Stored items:
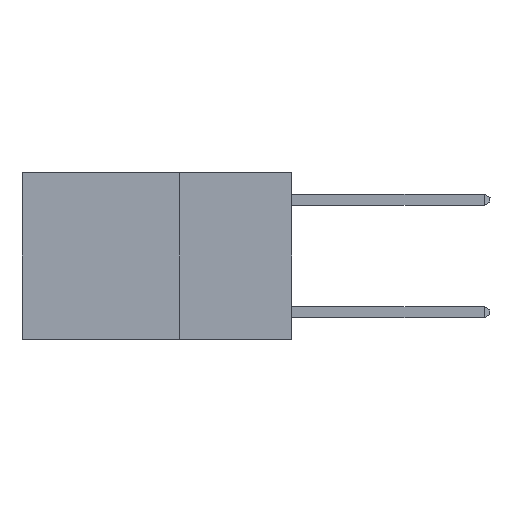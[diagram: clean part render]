
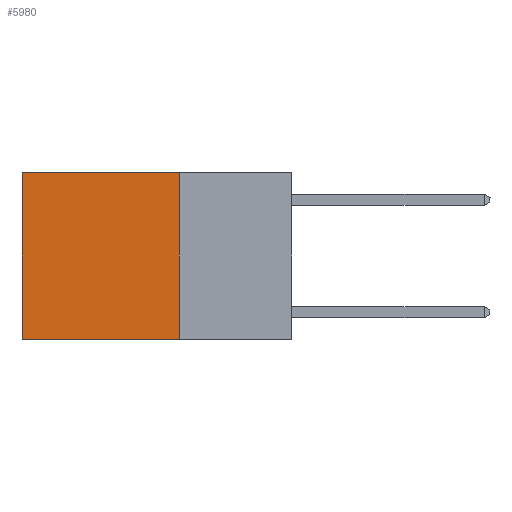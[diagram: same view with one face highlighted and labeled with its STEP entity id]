
A CAD part, left-side view. The second image highlights one B-rep face of the part: STEP entity #5980.
In plain terms, the highlighted planar face has unit normal (-1, 0, 0).
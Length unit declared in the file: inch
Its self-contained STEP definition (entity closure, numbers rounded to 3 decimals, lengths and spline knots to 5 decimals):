
#280 = CARTESIAN_POINT ( 'NONE',  ( 0.2625, 0.6, -0.37 ) ) ;
#373 = CARTESIAN_POINT ( 'NONE',  ( 0.2625, 0.25, -0.37 ) ) ;
#423 = VECTOR ( 'NONE', #5486, 39.37008 ) ;
#501 = CARTESIAN_POINT ( 'NONE',  ( 0.2625, 0.25, -0.37 ) ) ;
#622 = VERTEX_POINT ( 'NONE', #373 ) ;
#1176 = LINE ( 'NONE', #15350, #4132 ) ;
#1225 = CARTESIAN_POINT ( 'NONE',  ( 0.2625, 0.25, 0. ) ) ;
#2170 = AXIS2_PLACEMENT_3D ( 'NONE', #1225, #2515, #10961 ) ;
#2327 = DIRECTION ( 'NONE',  ( 0., 0., -1. ) ) ;
#2515 = DIRECTION ( 'NONE',  ( 1., 0., 0. ) ) ;
#2851 = EDGE_CURVE ( 'NONE', #7198, #622, #7841, .T. ) ;
#3086 = VERTEX_POINT ( 'NONE', #280 ) ;
#4132 = VECTOR ( 'NONE', #6976, 39.37008 ) ;
#4632 = DIRECTION ( 'NONE',  ( 0., 0., -1. ) ) ;
#5486 = DIRECTION ( 'NONE',  ( 0., 1., 0. ) ) ;
#5518 = ORIENTED_EDGE ( 'NONE', *, *, #2851, .F. ) ;
#5980 = ADVANCED_FACE ( 'NONE', ( #6025 ), #8543, .F. ) ;
#6019 = EDGE_LOOP ( 'NONE', ( #7484, #11284, #5518, #6205 ) ) ;
#6025 = FACE_OUTER_BOUND ( 'NONE', #6019, .T. ) ;
#6205 = ORIENTED_EDGE ( 'NONE', *, *, #7706, .T. ) ;
#6976 = DIRECTION ( 'NONE',  ( 0., 1., 0. ) ) ;
#7085 = CARTESIAN_POINT ( 'NONE',  ( 0.2625, 0.25, 0. ) ) ;
#7198 = VERTEX_POINT ( 'NONE', #7085 ) ;
#7461 = VECTOR ( 'NONE', #2327, 39.37008 ) ;
#7484 = ORIENTED_EDGE ( 'NONE', *, *, #8306, .T. ) ;
#7706 = EDGE_CURVE ( 'NONE', #7198, #12012, #1176, .T. ) ;
#7841 = LINE ( 'NONE', #11982, #7461 ) ;
#8306 = EDGE_CURVE ( 'NONE', #12012, #3086, #11443, .T. ) ;
#8543 = PLANE ( 'NONE',  #2170 ) ;
#10085 = EDGE_CURVE ( 'NONE', #622, #3086, #10155, .T. ) ;
#10155 = LINE ( 'NONE', #501, #423 ) ;
#10961 = DIRECTION ( 'NONE',  ( 0., 0., -1. ) ) ;
#11058 = VECTOR ( 'NONE', #4632, 39.37008 ) ;
#11284 = ORIENTED_EDGE ( 'NONE', *, *, #10085, .F. ) ;
#11443 = LINE ( 'NONE', #13040, #11058 ) ;
#11646 = CARTESIAN_POINT ( 'NONE',  ( 0.2625, 0.6, 0. ) ) ;
#11982 = CARTESIAN_POINT ( 'NONE',  ( 0.2625, 0.25, 0. ) ) ;
#12012 = VERTEX_POINT ( 'NONE', #11646 ) ;
#13040 = CARTESIAN_POINT ( 'NONE',  ( 0.2625, 0.6, 0. ) ) ;
#15350 = CARTESIAN_POINT ( 'NONE',  ( 0.2625, 0.25, 0. ) ) ;

▸ WHAT IS NEEDED:
From the records above, copy only the lines starting with the line that holds "#373 = CARTESIAN_POINT" and going on through the line that holds "#1176 = LINE ( 'NONE', #15350, #4132 ) ;", exactly as written.

▸ TASK RESULT:
#373 = CARTESIAN_POINT ( 'NONE',  ( 0.2625, 0.25, -0.37 ) ) ;
#423 = VECTOR ( 'NONE', #5486, 39.37008 ) ;
#501 = CARTESIAN_POINT ( 'NONE',  ( 0.2625, 0.25, -0.37 ) ) ;
#622 = VERTEX_POINT ( 'NONE', #373 ) ;
#1176 = LINE ( 'NONE', #15350, #4132 ) ;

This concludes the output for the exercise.